2021-05-12 13:05:55 EDT

(In reply to Jonah Graham from comment #11)
> (In reply to John Dallaway from comment #10)
> > This change is problematic for word-addressable target architectures. For
> > example, with a 16-bit word-addressable architecture GDB returns an opcode
> > string such as "1234 5678" (4 octets, 2 addressable units) rather than "12
> > 34 56 78".
> > 
> > The method
> > org.eclipse.cdt.debug.internal.ui.disassembly.dsf.DisassemblyUtils.
> > decodeOpcode(String) assumes a byte-addressable architecture.
> > 
> > Could we eliminate conversion of the opcode string to a Byte[] and then back
> > to a String for presentation? In most CDT debugging views, DSF-GDB relies on
> > GDB itself for the formatting of data.
> 
> That is a probably the right solution.

@Marc Ernst, are you able to look at this issue in the short term? Unfortunately, the current code constitutes a regression in behaviour for some users.

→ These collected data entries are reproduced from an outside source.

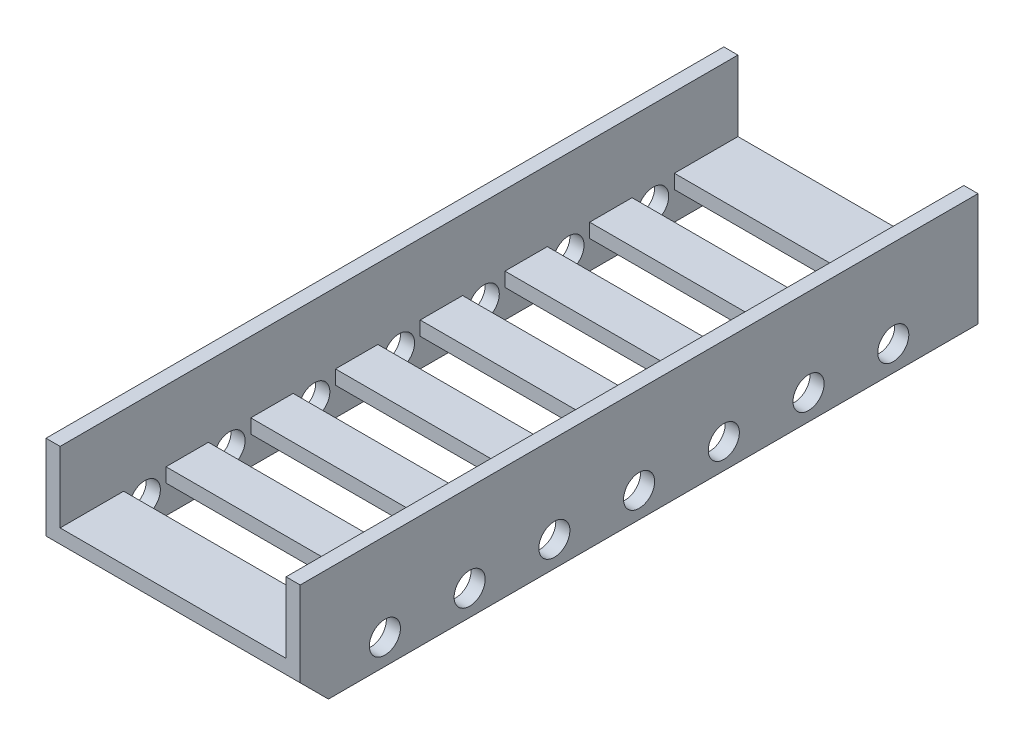
SolidWorks part; units mm, degrees
ref_plane "前视基准面" through (0, 0, 0) normal (0, 0, 1) x (1, 0, 0)
ref_plane "上视基准面" through (0, 0, 0) normal (0, 1, 0) x (1, 0, 0)
ref_plane "右视基准面" through (0, 0, 0) normal (1, 0, 0) x (0, 0, -1)
sketch "草图1" plane through (0, 0, 0) normal (0, 0, 1) x (1, 0, 0)
  line L0 (40, 0) -> (-40, 0)
  line L1 (-40, 0) -> (-40, 25)
  line L2 (-40, 25) -> (-45, 25)
  line L3 (-45, 25) -> (-45, -5)
  line L4 (-45, -5) -> (45, -5)
  line L5 (0, -5) -> (0, 0)
  line L6 (45, 25) -> (45, -5)
  line L7 (40, 25) -> (45, 25)
  line L8 (40, 0) -> (40, 25)
  line L9 (-45, -5) -> (-45, -15)
  line L10 (-45, -15) -> (-40, -15)
  line L11 (-40, -15) -> (-40, -5)
  line L12 (45, -5) -> (45, -15)
  line L13 (40, -15) -> (40, -5)
  line L14 (45, -15) -> (40, -15)
  dimension "D1" = 45
  dimension "D2" = 40
  dimension "D3" = 5
  dimension "D4" = 30
  dimension "D5" = 5
  dimension "D6" = 10
  dimension "D7" = 5
extrude "凸台-拉伸1" add sketch "草图1" along normal blind 240 contours L4 L5 L0 L1 L2 L3 | L8 L0 L5 L4 L6 L7 | L10 L11 L4 L9 | L14 L12 L4 L13
sketch "草图3" plane through (40, 0, 0) normal (-1, 0, 0) x (0, 0, 1)
  line L1 (240, -5) -> (230, -15)
  line L2 (240, -15) -> (0, -15) construction
  line L3 (230, -15) -> (240, -15)
  line L4 (240, -15) -> (240, -5)
  line L5 (120, -6) -> (120, -15)
  circle A0 centre (30, -6) radius 5.5
  circle A1 centre (60, -6) radius 5.5
  circle A2 centre (90, -6) radius 5.5
  circle A3 centre (120, -6) radius 5.5
  circle A4 centre (150, -6) radius 5.5
  circle A5 centre (180, -6) radius 5.5
  circle A6 centre (210, -6) radius 5.5
  point P0 (30, -6)
  point P1 (60, -6)
  point P4 (90, -6)
  point P5 (120, -6)
  point P24 (150, -6)
  point P25 (180, -6)
  point P26 (210, -6)
  dimension "D1" = 9
  dimension "D2" = 30
  dimension "D3" = 30
  dimension "D4" = 30
  dimension "D5" = 10
extrude "切除-拉伸1" cut sketch "草图3" along normal mid plane 180 contours L1 L3 L4 | A6 | A5 | A4 | A3 | A2 | A1 | A0
sketch "草图5" plane through (-40, 0, 0) normal (1, 0, 0) x (0, 0, -1)
  line L0 (-240, -5) -> (0, -5)
  line L1 (0, 25) -> (0, -15) construction
  line L2 (-120, -5) -> (-120, -15)
  line L3 (-217.5, -12.5) -> (-202.5, -12.5)
  line L4 (-217.5, -12.5) -> (-217.5, 2.5)
  line L5 (-217.5, 2.5) -> (-202.5, 2.5)
  line L6 (-202.5, -12.5) -> (-202.5, 2.5)
  line L7 (-210, 2.5) -> (-210, -12.5) construction
  line L8 (-217.5, -5) -> (-202.5, -5) construction
  line L9 (-187.5, -12.5) -> (-172.5, -12.5)
  line L10 (-187.5, -12.5) -> (-187.5, 2.5)
  line L11 (-187.5, 2.5) -> (-172.5, 2.5)
  line L12 (-172.5, -12.5) -> (-172.5, 2.5)
  line L13 (-180, 2.5) -> (-180, -12.5) construction
  line L14 (-187.5, -5) -> (-172.5, -5) construction
  line L15 (-157.5, -12.5) -> (-142.5, -12.5)
  line L16 (-157.5, -12.5) -> (-157.5, 2.5)
  line L17 (-157.5, 2.5) -> (-142.5, 2.5)
  line L18 (-142.5, -12.5) -> (-142.5, 2.5)
  line L19 (-150, 2.5) -> (-150, -12.5) construction
  line L20 (-157.5, -5) -> (-142.5, -5) construction
  line L21 (-127.5, -12.5) -> (-112.5, -12.5)
  line L22 (-127.5, -12.5) -> (-127.5, 2.5)
  line L23 (-127.5, 2.5) -> (-112.5, 2.5)
  line L24 (-112.5, -12.5) -> (-112.5, 2.5)
  line L25 (-120, 2.5) -> (-120, -12.5) construction
  line L26 (-127.5, -5) -> (-112.5, -5) construction
  line L29 (-82.5, 2.5) -> (-97.5, 2.5)
  line L30 (-82.5, -12.5) -> (-97.5, -12.5)
  line L31 (-97.5, -12.5) -> (-97.5, 2.5)
  line L32 (-82.5, -12.5) -> (-82.5, 2.5)
  line L33 (-52.5, 2.5) -> (-67.5, 2.5)
  line L34 (-67.5, -12.5) -> (-67.5, 2.5)
  line L35 (-52.5, -12.5) -> (-67.5, -12.5)
  line L36 (-52.5, -12.5) -> (-52.5, 2.5)
  line L37 (-37.5, -12.5) -> (-37.5, 2.5)
  line L38 (-22.5, -12.5) -> (-37.5, -12.5)
  line L39 (-22.5, -12.5) -> (-22.5, 2.5)
  line L40 (-22.5, 2.5) -> (-37.5, 2.5)
  point P5 (-210, -5)
  point P6 (-180, -5)
  point P7 (-150, -5)
  point P8 (-120, -5)
  point P9 (-180, -5)
  point P10 (-210, -5)
  point P17 (-150, -5)
  point P21 (-120, -5)
  arc M7 (-24.5917, -5) -> (-35.4083, -5) centre (-30, -6) cw
  line M8 (-35.4083, -5) -> (-54.5917, -5)
  arc M9 (-54.5917, -5) -> (-65.4083, -5) centre (-60, -6) cw
  line M10 (-65.4083, -5) -> (-84.5917, -5)
  arc M11 (-84.5917, -5) -> (-95.4083, -5) centre (-90, -6) cw
  line M12 (-95.4083, -5) -> (-114.5917, -5)
  arc M13 (-114.5917, -5) -> (-125.4083, -5) centre (-120, -6) cw
  line M14 (-125.4083, -5) -> (-144.5917, -5)
  dimension "D1" = 30
  dimension "D2" = 30
  dimension "D3" = 30
  dimension "D4" = 30
  dimension "D5" = 120
  dimension "D6" = 15
  dimension "D7" = 15
  dimension "D8" = 15
  dimension "D9" = 15
  dimension "D10" = 15
  dimension "D11" = 15
extrude "切除-拉伸2" cut sketch "草图5" along normal blind 80 contours L0 L6 L5 L4 M14 | L0 L12 L11 L10 M12 | L0 L18 L17 L16 M10 | L0 L24 L23 L22 M8 | L3 L6 L0 L4 M13 M14 | L9 L12 L0 L10 M11 M12 | L15 L18 L0 L16 M9 M10 | L21 L24 L0 L22 M7 M8 | L29 L31 L30 L32 | L33 L34 L35 L36 | L37 L40 L39 L38
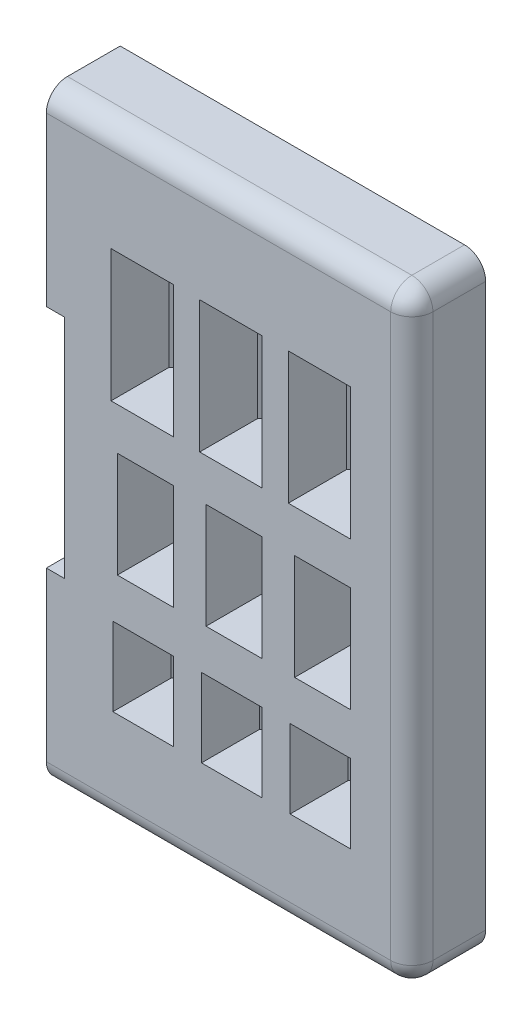
SolidWorks part; units mm, degrees
ref_plane "Alzado" through (0, 0, 0) normal (0, 0, 1) x (1, 0, 0)
ref_plane "Planta" through (0, 0, 0) normal (0, 1, 0) x (1, 0, 0)
ref_plane "Vista lateral" through (0, 0, 0) normal (1, 0, 0) x (0, 0, -1)
sketch "Croquis1" plane through (0, 0, 0) normal (0, 0, 1) x (1, 0, 0)
  line L80 (30.4082, 43.7605) -> (24.5082, 43.7605)
  line L81 (30.4082, 43.7605) -> (30.4082, 31.2605)
  line L82 (30.4082, 31.2605) -> (24.5082, 31.2605)
  line L83 (24.5082, 43.7605) -> (24.5082, 31.2605)
  line L84 (30.4082, 27.2605) -> (25.1082, 27.2605)
  line L85 (30.4082, 27.2605) -> (30.4082, 17.2605)
  line L86 (30.4082, 17.2605) -> (25.1082, 17.2605)
  line L87 (25.1082, 27.2605) -> (25.1082, 17.2605)
  line L88 (30.4082, 13.2605) -> (24.6805, 13.2605)
  line L89 (3.3192, 26.4922) -> (3.3192, 23.9078)
  line L90 (3.3192, 23.9078) -> (3.3192, 14.4717)
  line L91 (3.3192, 35.9283) -> (3.3192, 26.4922)
  line L92 (3.3192, 1.2771) -> (6.3251, 1.2771)
  line L93 (3.3192, 14.4717) -> (3.3192, 1.2771)
  line L94 (3.3192, 49.1229) -> (3.3192, 35.9283)
  line L95 (6.3251, 49.1229) -> (3.3192, 49.1229)
  line L96 (6.3251, 1.2771) -> (31.2135, 1.2771)
  line L97 (31.2135, 49.1229) -> (6.3251, 49.1229)
  line L98 (34.2135, 4.2771) -> (34.2135, 46.1229)
  line L106 (6.3251, 1.2771) -> (31.2135, 1.2771)
  line L107 (31.2135, 49.1229) -> (6.3251, 49.1229)
  line L108 (34.2135, 4.2771) -> (34.2135, 46.1229)
  line L109 (30.4082, 13.2605) -> (30.4082, 5.831)
  line L110 (30.4082, 5.831) -> (24.6805, 5.831)
  line L111 (24.6805, 13.2605) -> (24.6805, 5.831)
  line L112 (22.0082, 43.7605) -> (16.1082, 43.7605)
  line L113 (22.0082, 43.7605) -> (22.0082, 31.2605)
  line L114 (22.0082, 31.2605) -> (16.1082, 31.2605)
  line L115 (16.1082, 43.7605) -> (16.1082, 31.2605)
  line L116 (22.0082, 27.2605) -> (16.7082, 27.2605)
  line L117 (22.0082, 27.2605) -> (22.0082, 17.2605)
  line L118 (22.0082, 17.2605) -> (16.7082, 17.2605)
  line L119 (16.7082, 27.2605) -> (16.7082, 17.2605)
  line L120 (22.0082, 13.2605) -> (16.2805, 13.2605)
  line L121 (22.0082, 13.2605) -> (22.0082, 5.831)
  line L122 (22.0082, 5.831) -> (16.2805, 5.831)
  line L123 (16.2805, 13.2605) -> (16.2805, 5.831)
  line L124 (13.6082, 43.7605) -> (7.7082, 43.7605)
  line L125 (13.6082, 43.7605) -> (13.6082, 31.2605)
  line L126 (13.6082, 31.2605) -> (7.7082, 31.2605)
  line L127 (7.7082, 43.7605) -> (7.7082, 31.2605)
  line L128 (13.6082, 27.2605) -> (8.3082, 27.2605)
  line L129 (13.6082, 27.2605) -> (13.6082, 17.2605)
  line L130 (13.6082, 17.2605) -> (8.3082, 17.2605)
  line L131 (8.3082, 27.2605) -> (8.3082, 17.2605)
  line L132 (13.6082, 13.2605) -> (7.8805, 13.2605)
  line L133 (13.6082, 13.2605) -> (13.6082, 5.831)
  line L134 (13.6082, 5.831) -> (7.8805, 5.831)
  line L135 (7.8805, 13.2605) -> (7.8805, 5.831)
  line L145 (6.3251, 49.1229) -> (6.3251, 35.9283)
  line L146 (5.3326, 35.9283) -> (7.0041, 35.9283) construction
  line L147 (6.3251, 35.9283) -> (7.0041, 35.9283)
  line L148 (7.0041, 35.9283) -> (7.0041, 14.4717) construction
  line L149 (7.0041, 35.9283) -> (7.0041, 14.4717)
  line L150 (7.0041, 14.4717) -> (6.3251, 14.4717)
  line L151 (7.0041, 14.4717) -> (5.3326, 14.4717) construction
  line L152 (6.3251, 14.4717) -> (6.3251, 1.2771)
  arc A29 (31.2135, 1.2771) -> (34.2135, 4.2771) centre (31.2135, 4.2771) ccw
  arc A30 (34.2135, 46.1229) -> (31.2135, 49.1229) centre (31.2135, 46.1229) ccw
  arc A31 (31.2135, 1.2771) -> (34.2135, 4.2771) centre (31.2135, 4.2771) ccw
  arc A32 (34.2135, 46.1229) -> (31.2135, 49.1229) centre (31.2135, 46.1229) ccw
  dimension "D1" = 0
extrude "Saliente-Extruir1" add sketch "Croquis1" against normal blind 1
sketch "Croquis2" plane through (0, 0, 0) normal (0, 0, 1) x (1, 0, 0)
  line L8 (1.5763, -3.4208) -> (1.5763, 14.4717) construction
  line L9 (36.2135, 53.82) -> (1.5763, 53.82)
  line L10 (36.2135, 53.82) -> (36.2135, -3.4208)
  line L11 (36.2135, -3.4208) -> (1.5763, -3.4208)
  line L12 (1.5763, 53.82) -> (1.5763, 35.9283)
  line L13 (3.3192, 35.9283) -> (1.5763, 35.9283)
  line L14 (3.3192, 35.9283) -> (3.3192, 14.4717)
  line L15 (3.3192, 14.4717) -> (1.5763, 14.4717)
  line L17 (1.5763, 14.4717) -> (1.5763, -3.4208)
  line L19 (30.4082, 43.7605) -> (24.5082, 43.7605)
  line L20 (30.4082, 43.7605) -> (30.4082, 31.2605)
  line L21 (30.4082, 31.2605) -> (24.5082, 31.2605)
  line L22 (24.5082, 43.7605) -> (24.5082, 31.2605)
  line L23 (30.4082, 27.2605) -> (25.1082, 27.2605)
  line L24 (30.4082, 27.2605) -> (30.4082, 17.2605)
  line L25 (30.4082, 17.2605) -> (25.1082, 17.2605)
  line L26 (25.1082, 27.2605) -> (25.1082, 17.2605)
  line L27 (30.4082, 13.2605) -> (24.6805, 13.2605)
  line L28 (30.4082, 13.2605) -> (30.4082, 5.831)
  line L29 (30.4082, 5.831) -> (24.6805, 5.831)
  line L30 (24.6805, 13.2605) -> (24.6805, 5.831)
  line L31 (22.0082, 13.2605) -> (16.2805, 13.2605)
  line L32 (22.0082, 13.2605) -> (22.0082, 5.831)
  line L33 (22.0082, 5.831) -> (16.2805, 5.831)
  line L34 (16.2805, 13.2605) -> (16.2805, 5.831)
  line L35 (22.0082, 27.2605) -> (16.7082, 27.2605)
  line L36 (22.0082, 27.2605) -> (22.0082, 17.2605)
  line L37 (22.0082, 17.2605) -> (16.7082, 17.2605)
  line L38 (16.7082, 27.2605) -> (16.7082, 17.2605)
  line L39 (22.0082, 43.7605) -> (16.1082, 43.7605)
  line L40 (22.0082, 43.7605) -> (22.0082, 31.2605)
  line L41 (22.0082, 31.2605) -> (16.1082, 31.2605)
  line L42 (16.1082, 43.7605) -> (16.1082, 31.2605)
  line L43 (13.6082, 43.7605) -> (7.7082, 43.7605)
  line L44 (13.6082, 43.7605) -> (13.6082, 31.2605)
  line L45 (13.6082, 31.2605) -> (7.7082, 31.2605)
  line L46 (7.7082, 43.7605) -> (7.7082, 31.2605)
  line L47 (13.6082, 27.2605) -> (8.3082, 27.2605)
  line L48 (13.6082, 27.2605) -> (13.6082, 17.2605)
  line L49 (13.6082, 17.2605) -> (8.3082, 17.2605)
  line L50 (8.3082, 27.2605) -> (8.3082, 17.2605)
  line L51 (13.6082, 13.2605) -> (7.8805, 13.2605)
  line L52 (13.6082, 13.2605) -> (13.6082, 5.831)
  line L53 (13.6082, 5.831) -> (7.8805, 5.831)
  line L54 (7.8805, 13.2605) -> (7.8805, 5.831)
extrude "Saliente-Extruir2" add sketch "Croquis2" along normal blind 7
sketch "Croquis3" plane through (0, 0, -1) normal (0, 0, -1) x (-1, 0, 0)
  line L1 (-30.4082, 5.831) -> (-29.2082, 5.831)
  line L2 (-30.4082, 5.831) -> (-30.4082, 13.2605)
  line L3 (-30.4082, 13.2605) -> (-29.2082, 13.2605)
  line L4 (-29.2082, 5.831) -> (-29.2082, 13.2605)
  line L5 (-22.0082, 5.831) -> (-20.8082, 5.831)
  line L6 (-24.6805, 5.831) -> (-25.8805, 5.831)
  line L7 (-24.6805, 5.831) -> (-24.6805, 13.2605)
  line L8 (-24.6805, 13.2605) -> (-25.8805, 13.2605)
  line L9 (-25.8805, 5.831) -> (-25.8805, 13.2605)
  line L10 (-22.0082, 5.831) -> (-22.0082, 13.2605)
  line L11 (-22.0082, 13.2605) -> (-20.8082, 13.2605)
  line L12 (-20.8082, 5.831) -> (-20.8082, 13.2605)
  line L13 (-16.2805, 5.831) -> (-17.4805, 5.831)
  line L14 (-16.2805, 5.831) -> (-16.2805, 13.2605)
  line L15 (-16.2805, 13.2605) -> (-17.4805, 13.2605)
  line L16 (-17.4805, 5.831) -> (-17.4805, 13.2605)
  line L17 (-13.6082, 5.831) -> (-12.4082, 5.831)
  line L18 (-13.6082, 5.831) -> (-13.6082, 13.2605)
  line L19 (-13.6082, 13.2605) -> (-12.4082, 13.2605)
  line L20 (-12.4082, 5.831) -> (-12.4082, 13.2605)
  line L21 (-7.8805, 5.831) -> (-9.0805, 5.831)
  line L22 (-7.8805, 5.831) -> (-7.8805, 13.2605)
  line L23 (-7.8805, 13.2605) -> (-9.0805, 13.2605)
  line L24 (-9.0805, 5.831) -> (-9.0805, 13.2605)
  line L26 (-30.4082, 17.2605) -> (-29.2082, 17.2605)
  line L27 (-30.4082, 17.2605) -> (-30.4082, 27.2605)
  line L28 (-30.4082, 27.2605) -> (-29.2082, 27.2605)
  line L29 (-29.2082, 17.2605) -> (-29.2082, 27.2605)
  line L30 (-22.0082, 17.2605) -> (-20.8082, 17.2605)
  line L31 (-25.1082, 17.2605) -> (-26.3082, 17.2605)
  line L32 (-25.1082, 17.2605) -> (-25.1082, 27.2605)
  line L33 (-25.1082, 27.2605) -> (-26.3082, 27.2605)
  line L34 (-26.3082, 17.2605) -> (-26.3082, 27.2605)
  line L35 (-22.0082, 17.2605) -> (-22.0082, 27.2605)
  line L36 (-22.0082, 27.2605) -> (-20.8082, 27.2605)
  line L37 (-20.8082, 17.2605) -> (-20.8082, 27.2605)
  line L38 (-16.7082, 17.2605) -> (-17.9082, 17.2605)
  line L39 (-16.7082, 17.2605) -> (-16.7082, 27.2605)
  line L40 (-16.7082, 27.2605) -> (-17.9082, 27.2605)
  line L41 (-17.9082, 17.2605) -> (-17.9082, 27.2605)
  line L42 (-13.6082, 17.2605) -> (-12.4082, 17.2605)
  line L43 (-13.6082, 17.2605) -> (-13.6082, 27.2605)
  line L44 (-13.6082, 27.2605) -> (-12.4082, 27.2605)
  line L45 (-12.4082, 17.2605) -> (-12.4082, 27.2605)
  line L46 (-8.3082, 17.2605) -> (-9.5082, 17.2605)
  line L47 (-8.3082, 17.2605) -> (-8.3082, 27.2605)
  line L48 (-8.3082, 27.2605) -> (-9.5082, 27.2605)
  line L49 (-9.5082, 17.2605) -> (-9.5082, 27.2605)
  line L51 (-30.4082, 31.2605) -> (-29.2082, 31.2605)
  line L52 (-30.4082, 31.2605) -> (-30.4082, 43.7605)
  line L53 (-30.4082, 43.7605) -> (-29.2082, 43.7605)
  line L54 (-29.2082, 31.2605) -> (-29.2082, 43.7605)
  line L55 (-24.5082, 31.2605) -> (-25.7082, 31.2605)
  line L56 (-24.5082, 31.2605) -> (-24.5082, 43.7605)
  line L57 (-24.5082, 43.7605) -> (-25.7082, 43.7605)
  line L58 (-25.7082, 31.2605) -> (-25.7082, 43.7605)
  line L59 (-22.0082, 31.2605) -> (-20.8082, 31.2605)
  line L60 (-22.0082, 31.2605) -> (-22.0082, 43.7605)
  line L61 (-22.0082, 43.7605) -> (-20.8082, 43.7605)
  line L62 (-20.8082, 31.2605) -> (-20.8082, 43.7605)
  line L63 (-16.1082, 31.2605) -> (-17.3082, 31.2605)
  line L64 (-16.1082, 31.2605) -> (-16.1082, 43.7605)
  line L65 (-16.1082, 43.7605) -> (-17.3082, 43.7605)
  line L66 (-17.3082, 31.2605) -> (-17.3082, 43.7605)
  line L67 (-13.6082, 31.2605) -> (-12.4082, 31.2605)
  line L68 (-13.6082, 31.2605) -> (-13.6082, 43.7605)
  line L69 (-13.6082, 43.7605) -> (-12.4082, 43.7605)
  line L70 (-12.4082, 31.2605) -> (-12.4082, 43.7605)
  line L71 (-7.7082, 31.2605) -> (-8.9082, 31.2605)
  line L72 (-7.7082, 31.2605) -> (-7.7082, 43.7605)
  line L73 (-7.7082, 43.7605) -> (-8.9082, 43.7605)
  line L74 (-8.9082, 31.2605) -> (-8.9082, 43.7605)
  point P84 (-30.4082, 43.7605)
extrude "Saliente-Extruir3" add sketch "Croquis3" against normal blind 1.5
chamfer "Chaflán1" distance 1 angle 45 18 edges at (24.6805, 9.5457, 0.5) (16.2805, 9.5457, 0.5) (7.8805, 9.5457, 0.5) (30.4082, 9.5457, 0.5) (22.0082, 9.5457, 0.5) (13.6082, 9.5457, 0.5) (13.6082, 22.2605, 0.5) (13.6082, 37.5105, 0.5) (22.0082, 37.5105, 0.5) (22.0082, 22.2605, 0.5) (30.4082, 22.2605, 0.5) (25.1082, 22.2605, 0.5) (8.3082, 22.2605, 0.5) (7.7082, 37.5105, 0.5) (16.1082, 37.5105, 0.5) (24.5082, 37.5105, 0.5) (30.4082, 37.5105, 0.5) (16.7082, 22.2605, 0.5)
fillet "Redondeo1" radius 2 5 edges at (36.2135, -3.4208, 3.5) (36.2135, 53.82, 3.5) (18.8949, 53.82, 7) (18.8949, -3.4208, 7) (36.2135, 25.1996, 7)

I can test any changes if necessary.

Comment 13 Marc Ernst

2021-05-18 04:40:23 EDT

Hi John, yes, I can take care of this but can start earliest end of next week.

Comment 14 Eclipse Genie

2021-05-18 13:44:02 EDT

New Gerrit change created: https://git.eclipse.org/r/c/cdt/org.eclipse.cdt/+/180744

Comment 15 Eclipse Genie

2021-05-18 13:44:05 EDT

New Gerrit change created: https://git.eclipse.org/r/c/cdt/org.eclipse.cdt/+/180743

Comment 16 Jonah Graham

2021-05-18 13:50:13 EDT

Created attachment 286416 [details]
ellipsis

(In reply to Marc Ernst from comment #13)
> Hi John, yes, I can take care of this but can start earliest end of next
> week.

I think end of next week is too long to wait as we need this merged by 31 May at the latest, so I have submitted a fix for this:
> https://git.eclipse.org/r/c/cdt/org.eclipse.cdt/+/180743

In addition, I found that the silently cutting off of extra bytes to not be a good solution, so if the opcode length is too much, the last visible character is replaced with an ellipsis. 
> https://git.eclipse.org/r/c/cdt/org.eclipse.cdt/+/180744

I suspect this is rare to never occurrence, to test it I temporarily changed org.eclipse.cdt.dsf.debug.internal.ui.disassembly.OpcodeRulerColumn.MAXWIDTH to a smaller value so I could obtain the attached screenshot.

Comment 17 Eclipse Genie

2021-05-19 09:33:01 EDT

Gerrit change https://git.eclipse.org/r/c/cdt/org.eclipse.cdt/+/180743 was merged to [master].
Commit: http://git.eclipse.org/c/cdt/org.eclipse.cdt.git/commit/?id=7743993a08c2c3394a24f2fe2795fadeb0843d4b

Comment 18 Eclipse Genie

2021-05-23 00:26:26 EDT

Gerrit change https://git.eclipse.org/r/c/cdt/org.eclipse.cdt/+/180744 was merged to [master].
Commit: http://git.eclipse.org/c/cdt/org.eclipse.cdt.git/commit/?id=2443cfbeff09abee51b95703d8e88f1d1af28446

Comment 19 Jonah Graham

2021-05-23 00:27:08 EDT

Regression identified in Comment 10 fixed, and minor adjustment that shows ellipsis committed.